- **TASK INSTRUCTIONS**
The lines to output run from the first line of the entries below through the line containing "doc.units = 0"; copy them exactly and leave out pictures.

- **Items listed in a dataset**
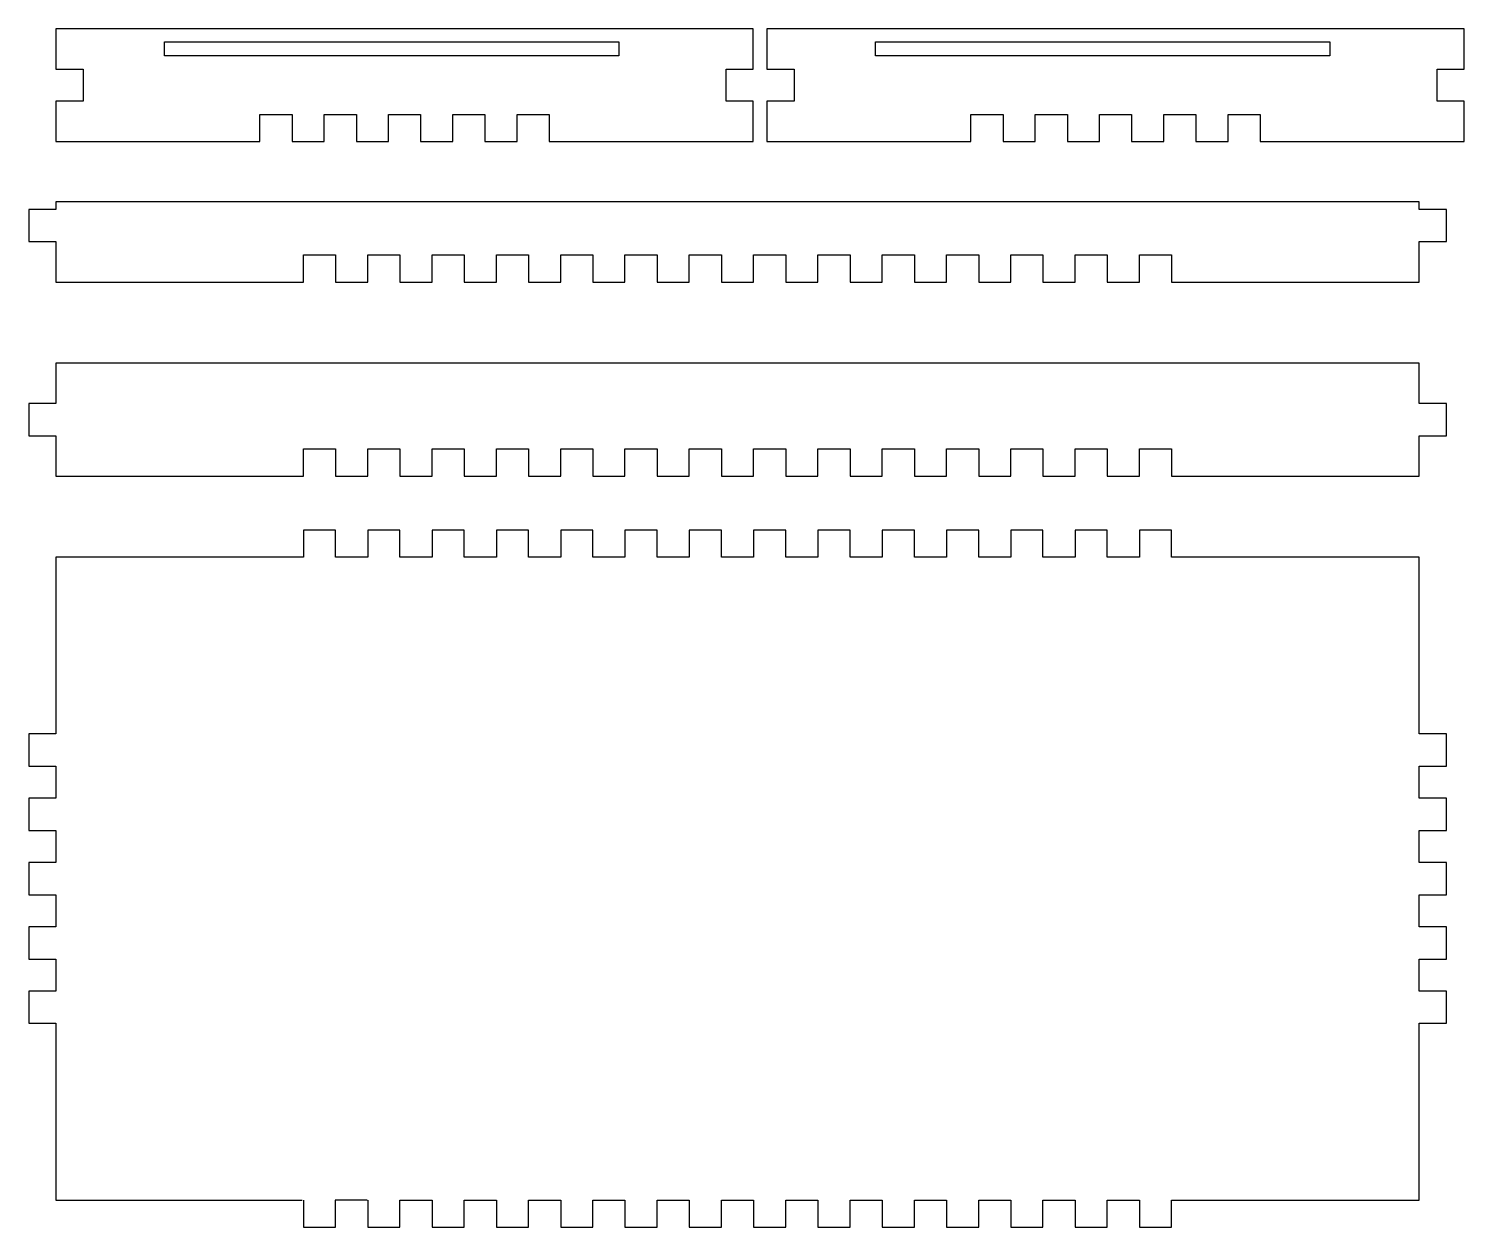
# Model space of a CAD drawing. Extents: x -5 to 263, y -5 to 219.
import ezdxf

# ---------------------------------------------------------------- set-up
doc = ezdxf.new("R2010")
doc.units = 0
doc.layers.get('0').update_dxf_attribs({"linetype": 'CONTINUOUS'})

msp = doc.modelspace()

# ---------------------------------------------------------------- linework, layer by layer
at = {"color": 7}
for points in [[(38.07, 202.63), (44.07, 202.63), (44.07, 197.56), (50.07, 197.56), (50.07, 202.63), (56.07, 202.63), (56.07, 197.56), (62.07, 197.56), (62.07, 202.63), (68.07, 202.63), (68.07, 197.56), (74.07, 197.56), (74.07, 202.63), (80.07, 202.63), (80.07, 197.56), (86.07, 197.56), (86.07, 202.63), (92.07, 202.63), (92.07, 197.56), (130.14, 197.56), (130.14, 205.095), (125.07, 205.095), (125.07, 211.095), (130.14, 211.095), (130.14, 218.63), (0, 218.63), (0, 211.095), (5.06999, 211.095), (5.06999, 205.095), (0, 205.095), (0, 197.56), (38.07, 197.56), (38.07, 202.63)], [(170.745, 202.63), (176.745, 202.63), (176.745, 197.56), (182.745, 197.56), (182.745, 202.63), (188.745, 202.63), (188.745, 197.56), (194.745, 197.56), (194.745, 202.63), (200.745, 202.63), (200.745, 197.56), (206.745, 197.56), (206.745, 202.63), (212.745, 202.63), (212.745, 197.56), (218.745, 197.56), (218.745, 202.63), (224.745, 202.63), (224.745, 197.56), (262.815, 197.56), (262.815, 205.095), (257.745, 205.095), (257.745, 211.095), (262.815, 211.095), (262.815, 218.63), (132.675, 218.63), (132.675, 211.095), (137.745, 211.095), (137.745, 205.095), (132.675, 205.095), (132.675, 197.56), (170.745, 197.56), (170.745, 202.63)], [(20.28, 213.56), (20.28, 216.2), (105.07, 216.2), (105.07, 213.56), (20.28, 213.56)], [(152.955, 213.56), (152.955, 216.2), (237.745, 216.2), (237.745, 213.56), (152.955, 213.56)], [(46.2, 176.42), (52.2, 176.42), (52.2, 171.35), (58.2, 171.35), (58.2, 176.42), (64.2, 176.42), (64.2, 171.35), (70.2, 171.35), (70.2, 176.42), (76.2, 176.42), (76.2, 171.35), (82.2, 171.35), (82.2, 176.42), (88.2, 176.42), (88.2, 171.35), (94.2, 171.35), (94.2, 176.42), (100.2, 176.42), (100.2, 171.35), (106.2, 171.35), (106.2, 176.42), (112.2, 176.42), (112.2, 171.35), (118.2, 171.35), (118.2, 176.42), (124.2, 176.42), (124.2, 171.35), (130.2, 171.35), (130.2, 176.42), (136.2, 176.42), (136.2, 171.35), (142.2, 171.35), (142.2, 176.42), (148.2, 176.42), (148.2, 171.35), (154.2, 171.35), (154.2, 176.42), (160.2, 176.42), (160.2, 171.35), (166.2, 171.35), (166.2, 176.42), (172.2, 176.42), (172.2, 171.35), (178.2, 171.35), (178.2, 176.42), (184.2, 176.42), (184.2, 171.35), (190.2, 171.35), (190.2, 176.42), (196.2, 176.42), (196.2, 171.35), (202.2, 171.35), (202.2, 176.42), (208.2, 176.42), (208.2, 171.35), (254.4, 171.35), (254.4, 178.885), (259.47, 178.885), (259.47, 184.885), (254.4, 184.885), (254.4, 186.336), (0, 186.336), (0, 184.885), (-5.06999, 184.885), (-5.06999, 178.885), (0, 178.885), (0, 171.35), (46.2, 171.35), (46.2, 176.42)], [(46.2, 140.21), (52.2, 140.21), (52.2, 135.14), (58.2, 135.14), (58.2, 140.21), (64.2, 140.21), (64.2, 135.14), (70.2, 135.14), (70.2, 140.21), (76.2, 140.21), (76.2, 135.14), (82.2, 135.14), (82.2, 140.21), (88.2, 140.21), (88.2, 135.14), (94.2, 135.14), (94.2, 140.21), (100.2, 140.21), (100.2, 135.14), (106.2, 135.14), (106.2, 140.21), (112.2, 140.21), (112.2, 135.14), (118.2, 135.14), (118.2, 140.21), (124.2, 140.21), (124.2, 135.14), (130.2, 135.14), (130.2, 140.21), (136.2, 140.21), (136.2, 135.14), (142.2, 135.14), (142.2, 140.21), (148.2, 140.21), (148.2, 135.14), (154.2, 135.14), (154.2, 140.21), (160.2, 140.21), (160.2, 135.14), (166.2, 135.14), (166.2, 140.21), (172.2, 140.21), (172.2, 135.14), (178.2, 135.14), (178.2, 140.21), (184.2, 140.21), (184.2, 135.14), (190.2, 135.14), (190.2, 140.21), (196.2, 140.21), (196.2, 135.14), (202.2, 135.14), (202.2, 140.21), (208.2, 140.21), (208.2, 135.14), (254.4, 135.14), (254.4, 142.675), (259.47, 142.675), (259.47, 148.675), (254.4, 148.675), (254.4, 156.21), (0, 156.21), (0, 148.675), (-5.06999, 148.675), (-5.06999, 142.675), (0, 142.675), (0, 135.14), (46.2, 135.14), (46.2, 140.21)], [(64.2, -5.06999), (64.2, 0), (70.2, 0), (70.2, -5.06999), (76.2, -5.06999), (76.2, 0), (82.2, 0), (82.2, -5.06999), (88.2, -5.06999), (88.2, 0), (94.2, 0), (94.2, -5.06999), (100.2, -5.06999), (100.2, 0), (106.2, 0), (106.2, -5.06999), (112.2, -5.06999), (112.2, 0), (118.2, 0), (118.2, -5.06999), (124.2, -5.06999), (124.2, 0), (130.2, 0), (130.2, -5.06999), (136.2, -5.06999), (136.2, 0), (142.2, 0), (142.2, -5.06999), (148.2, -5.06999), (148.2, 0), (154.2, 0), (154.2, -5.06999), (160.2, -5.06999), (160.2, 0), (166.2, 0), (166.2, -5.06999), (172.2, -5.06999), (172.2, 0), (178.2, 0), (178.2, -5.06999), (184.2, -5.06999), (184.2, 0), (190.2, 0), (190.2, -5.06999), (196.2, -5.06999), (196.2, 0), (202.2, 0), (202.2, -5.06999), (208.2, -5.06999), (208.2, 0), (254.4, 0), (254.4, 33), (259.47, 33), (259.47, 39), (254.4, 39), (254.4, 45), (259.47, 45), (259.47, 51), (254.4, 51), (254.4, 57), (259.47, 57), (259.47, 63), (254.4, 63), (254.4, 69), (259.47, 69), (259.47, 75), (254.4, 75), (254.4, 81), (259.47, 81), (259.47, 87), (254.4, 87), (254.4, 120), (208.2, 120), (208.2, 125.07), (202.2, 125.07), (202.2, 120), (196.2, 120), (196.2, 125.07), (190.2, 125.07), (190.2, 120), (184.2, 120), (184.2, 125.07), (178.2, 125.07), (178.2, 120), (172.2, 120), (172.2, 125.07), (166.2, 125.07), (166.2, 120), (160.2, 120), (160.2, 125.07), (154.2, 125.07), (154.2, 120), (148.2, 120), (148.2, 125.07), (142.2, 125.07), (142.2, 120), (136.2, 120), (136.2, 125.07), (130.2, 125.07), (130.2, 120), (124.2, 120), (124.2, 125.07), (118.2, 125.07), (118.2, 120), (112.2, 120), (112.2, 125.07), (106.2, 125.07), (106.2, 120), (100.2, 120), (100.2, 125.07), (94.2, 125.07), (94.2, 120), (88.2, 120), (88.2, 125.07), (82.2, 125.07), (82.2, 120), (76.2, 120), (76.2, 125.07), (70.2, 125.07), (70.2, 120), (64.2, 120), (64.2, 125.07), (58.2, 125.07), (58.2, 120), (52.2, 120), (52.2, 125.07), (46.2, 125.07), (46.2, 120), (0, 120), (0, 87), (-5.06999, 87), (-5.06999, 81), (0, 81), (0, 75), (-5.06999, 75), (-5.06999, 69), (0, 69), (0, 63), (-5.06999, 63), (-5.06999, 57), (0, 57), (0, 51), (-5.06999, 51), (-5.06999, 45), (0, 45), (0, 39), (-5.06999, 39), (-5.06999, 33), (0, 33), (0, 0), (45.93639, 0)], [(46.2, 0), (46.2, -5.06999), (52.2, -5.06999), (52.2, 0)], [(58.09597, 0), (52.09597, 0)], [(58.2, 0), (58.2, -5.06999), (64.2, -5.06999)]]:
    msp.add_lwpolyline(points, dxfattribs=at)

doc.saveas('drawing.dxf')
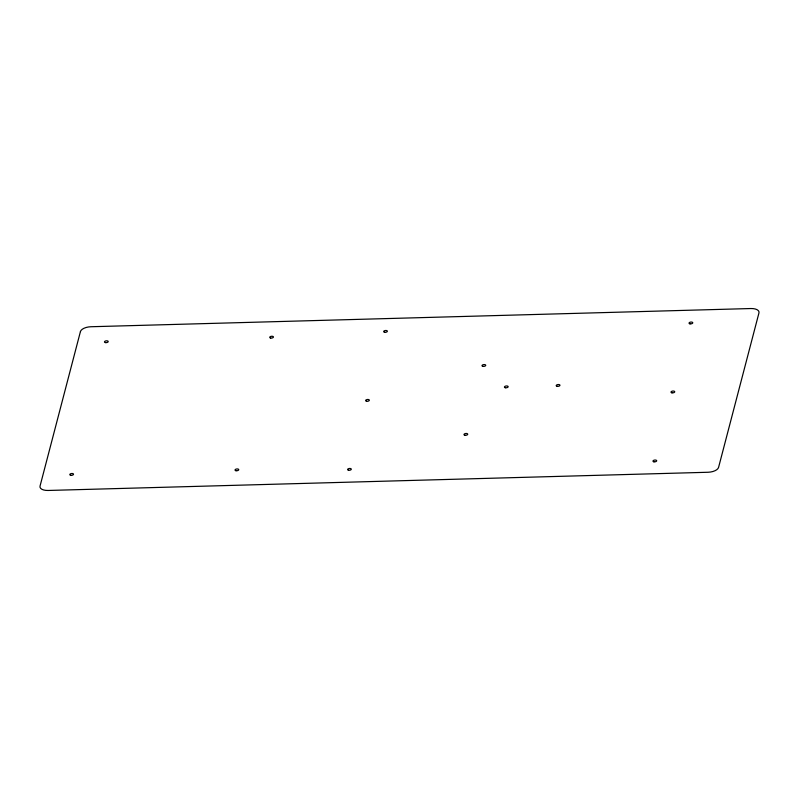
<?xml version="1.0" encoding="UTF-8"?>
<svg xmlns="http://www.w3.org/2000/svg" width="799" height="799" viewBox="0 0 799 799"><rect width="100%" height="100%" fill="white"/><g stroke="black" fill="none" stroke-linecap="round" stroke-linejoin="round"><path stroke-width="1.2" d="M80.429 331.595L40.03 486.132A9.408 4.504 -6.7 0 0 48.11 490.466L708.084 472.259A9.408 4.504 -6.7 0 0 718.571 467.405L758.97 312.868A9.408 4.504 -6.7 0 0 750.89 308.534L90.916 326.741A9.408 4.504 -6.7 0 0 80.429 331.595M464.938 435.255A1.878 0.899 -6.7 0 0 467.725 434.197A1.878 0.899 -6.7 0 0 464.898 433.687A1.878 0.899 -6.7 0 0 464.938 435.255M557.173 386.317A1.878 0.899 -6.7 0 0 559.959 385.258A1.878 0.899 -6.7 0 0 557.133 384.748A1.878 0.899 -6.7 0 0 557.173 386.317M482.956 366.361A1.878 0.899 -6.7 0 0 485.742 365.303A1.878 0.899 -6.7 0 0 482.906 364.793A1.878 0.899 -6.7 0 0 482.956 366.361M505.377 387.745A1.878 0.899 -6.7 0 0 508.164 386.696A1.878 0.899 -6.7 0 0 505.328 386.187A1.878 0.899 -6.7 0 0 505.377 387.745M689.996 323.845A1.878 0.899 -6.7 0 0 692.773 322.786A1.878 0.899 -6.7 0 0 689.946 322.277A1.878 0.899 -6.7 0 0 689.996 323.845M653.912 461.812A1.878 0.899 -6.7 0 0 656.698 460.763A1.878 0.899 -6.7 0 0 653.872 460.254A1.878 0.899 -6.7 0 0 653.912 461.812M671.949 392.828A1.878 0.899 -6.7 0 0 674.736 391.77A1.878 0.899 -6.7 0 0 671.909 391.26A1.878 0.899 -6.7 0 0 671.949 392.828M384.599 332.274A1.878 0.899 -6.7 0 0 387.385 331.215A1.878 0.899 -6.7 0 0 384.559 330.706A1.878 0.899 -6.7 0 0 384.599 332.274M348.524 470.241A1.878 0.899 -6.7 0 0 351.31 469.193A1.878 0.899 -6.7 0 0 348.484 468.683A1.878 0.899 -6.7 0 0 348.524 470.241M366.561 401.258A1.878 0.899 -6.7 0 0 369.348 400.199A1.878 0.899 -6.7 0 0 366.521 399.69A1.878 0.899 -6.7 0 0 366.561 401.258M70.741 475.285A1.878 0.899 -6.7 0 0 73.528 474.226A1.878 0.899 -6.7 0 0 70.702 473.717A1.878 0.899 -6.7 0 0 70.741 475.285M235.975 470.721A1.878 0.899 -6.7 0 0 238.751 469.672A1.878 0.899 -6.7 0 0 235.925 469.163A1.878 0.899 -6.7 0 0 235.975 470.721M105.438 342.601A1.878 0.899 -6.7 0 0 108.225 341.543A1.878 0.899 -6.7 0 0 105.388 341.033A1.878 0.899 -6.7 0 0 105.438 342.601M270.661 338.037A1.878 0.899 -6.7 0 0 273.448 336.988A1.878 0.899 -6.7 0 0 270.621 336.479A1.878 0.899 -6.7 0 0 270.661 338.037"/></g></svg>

- **SOLUTION FOR THIS TASK**
# Model space of a CAD drawing. Extents: x -5 to 263, y -5 to 219.
import ezdxf

# ---------------------------------------------------------------- set-up
doc = ezdxf.new("R2010")
doc.units = 0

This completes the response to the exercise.